A Redox‐Based Resistive Switching Memory Device Consisting of Organic–Inorganic Hybrid Perovskite/Polymer Composite Thin Film

This study describes the first perovskite‐based redox resistive switching memory using CH3NH3PbBr3 nanoparticles (NPs) dispersed in an insulating solid polymer electrolyte, poly(ethylene oxide) (PEO), and scrutinizes it in detail. Herein, PEO is chosen not only to perform a matrix function due to its ionic conductivity but also to support a preservative material surrounding the CH3NH3PbBr3 NPs to improve their stability. Further, it is revealed that PEO can serve as the chelating agent to coordinate with PbBr2/CH3NH3PbBr3 NPs in consequence of the direct interaction between Pb2+ cations and electron pairs of ether oxygen on the PEO chain to provide a host medium for the Pb2+ cations on both amorphous and crystalline phases.

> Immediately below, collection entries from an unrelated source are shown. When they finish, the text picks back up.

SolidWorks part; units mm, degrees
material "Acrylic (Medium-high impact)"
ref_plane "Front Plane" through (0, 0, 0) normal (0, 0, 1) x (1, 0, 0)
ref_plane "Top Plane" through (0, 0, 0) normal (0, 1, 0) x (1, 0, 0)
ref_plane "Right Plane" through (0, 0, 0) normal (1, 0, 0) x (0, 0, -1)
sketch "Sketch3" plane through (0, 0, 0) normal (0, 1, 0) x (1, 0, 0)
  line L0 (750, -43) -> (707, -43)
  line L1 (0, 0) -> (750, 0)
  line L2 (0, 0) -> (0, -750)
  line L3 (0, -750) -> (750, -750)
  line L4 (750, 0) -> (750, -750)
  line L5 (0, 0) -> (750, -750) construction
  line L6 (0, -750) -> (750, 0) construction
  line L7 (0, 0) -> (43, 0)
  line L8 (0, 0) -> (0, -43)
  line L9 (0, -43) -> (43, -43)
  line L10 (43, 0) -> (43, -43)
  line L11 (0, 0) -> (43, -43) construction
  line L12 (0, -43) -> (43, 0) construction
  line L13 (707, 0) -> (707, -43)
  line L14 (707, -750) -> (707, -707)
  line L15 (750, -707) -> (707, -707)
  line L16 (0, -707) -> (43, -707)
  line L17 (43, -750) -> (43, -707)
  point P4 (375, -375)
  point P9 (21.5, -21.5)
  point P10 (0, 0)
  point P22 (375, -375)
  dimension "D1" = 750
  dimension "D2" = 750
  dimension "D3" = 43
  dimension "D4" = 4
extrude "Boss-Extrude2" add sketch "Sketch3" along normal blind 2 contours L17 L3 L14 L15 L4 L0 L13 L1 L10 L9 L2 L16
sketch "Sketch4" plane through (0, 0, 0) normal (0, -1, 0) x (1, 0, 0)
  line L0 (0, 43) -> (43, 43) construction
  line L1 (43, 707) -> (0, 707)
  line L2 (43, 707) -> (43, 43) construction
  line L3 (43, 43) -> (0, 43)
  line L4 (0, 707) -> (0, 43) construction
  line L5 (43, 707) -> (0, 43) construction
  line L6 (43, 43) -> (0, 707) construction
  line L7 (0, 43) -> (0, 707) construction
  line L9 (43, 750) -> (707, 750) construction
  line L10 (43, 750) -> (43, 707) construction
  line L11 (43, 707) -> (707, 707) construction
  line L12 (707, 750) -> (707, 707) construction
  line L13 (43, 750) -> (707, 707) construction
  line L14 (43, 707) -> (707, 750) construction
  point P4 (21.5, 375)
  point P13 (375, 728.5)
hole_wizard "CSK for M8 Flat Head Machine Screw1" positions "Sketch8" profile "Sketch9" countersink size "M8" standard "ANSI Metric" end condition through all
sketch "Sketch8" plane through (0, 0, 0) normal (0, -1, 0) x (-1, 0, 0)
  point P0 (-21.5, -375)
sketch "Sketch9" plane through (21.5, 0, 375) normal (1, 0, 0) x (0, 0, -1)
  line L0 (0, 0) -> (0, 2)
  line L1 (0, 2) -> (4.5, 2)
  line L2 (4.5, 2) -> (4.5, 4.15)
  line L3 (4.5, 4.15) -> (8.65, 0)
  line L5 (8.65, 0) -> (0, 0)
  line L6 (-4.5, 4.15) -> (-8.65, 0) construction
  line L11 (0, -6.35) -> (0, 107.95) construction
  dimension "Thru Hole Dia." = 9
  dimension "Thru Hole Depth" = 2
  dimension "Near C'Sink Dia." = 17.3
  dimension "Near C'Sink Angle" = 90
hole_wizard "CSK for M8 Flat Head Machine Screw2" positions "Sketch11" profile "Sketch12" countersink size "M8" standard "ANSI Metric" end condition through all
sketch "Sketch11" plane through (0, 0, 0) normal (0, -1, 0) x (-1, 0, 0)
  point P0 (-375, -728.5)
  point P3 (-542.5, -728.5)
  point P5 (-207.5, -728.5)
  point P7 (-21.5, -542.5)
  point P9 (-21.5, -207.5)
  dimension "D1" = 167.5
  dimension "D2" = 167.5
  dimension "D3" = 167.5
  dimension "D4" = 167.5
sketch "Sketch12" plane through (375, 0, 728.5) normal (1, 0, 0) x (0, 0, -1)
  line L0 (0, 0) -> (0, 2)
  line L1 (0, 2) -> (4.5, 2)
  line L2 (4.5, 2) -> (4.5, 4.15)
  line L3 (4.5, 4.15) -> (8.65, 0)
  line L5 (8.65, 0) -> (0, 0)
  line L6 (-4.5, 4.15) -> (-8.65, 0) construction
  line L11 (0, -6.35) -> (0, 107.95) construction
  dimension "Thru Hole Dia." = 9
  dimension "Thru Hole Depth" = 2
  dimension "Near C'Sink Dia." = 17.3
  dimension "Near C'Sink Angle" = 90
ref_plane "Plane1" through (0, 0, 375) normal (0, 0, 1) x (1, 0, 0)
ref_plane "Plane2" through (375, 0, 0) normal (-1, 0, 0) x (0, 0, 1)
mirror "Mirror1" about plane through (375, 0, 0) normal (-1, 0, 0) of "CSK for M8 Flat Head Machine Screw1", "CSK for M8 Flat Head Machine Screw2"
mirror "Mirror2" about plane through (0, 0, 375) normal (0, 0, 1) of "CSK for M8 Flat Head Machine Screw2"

Consequently, it facilitates the associated redox‐based reactions to result in the metallic filament formation in the derived device, leading to the write‐once‐read‐many times resistive switching behavior. The field‐effect scanning electron microscopy and X‐ray photoelectron spectroscopy analyses are conducted to ascertain the detailed mechanism. It is unveiled that a stable dendritic‐like filament is grown in the CH3NH3PbBr3 NPs:PEO hybrid film, which is thus proposed to be the origin of the stable low resistive state and recovery of the conductive path during the reverse bias scan. This study presents a new perspective on the perovskite‐based resistive memory devices. A perovskite‐based redox related resistive switching memory using CH3NH3PbBr3 nanoparticles dispersed in an insulating polymer electrolyte, poly(ethylene oxide) (PEO) is reported and scrutinized. It is found that PEO can facilitate the associated redox‐based reactions, resulting in the dendrite‐like metallic filament formation in the derived device and thus leading to write‐once‐read‐many times (WORM) resistive switching behavior.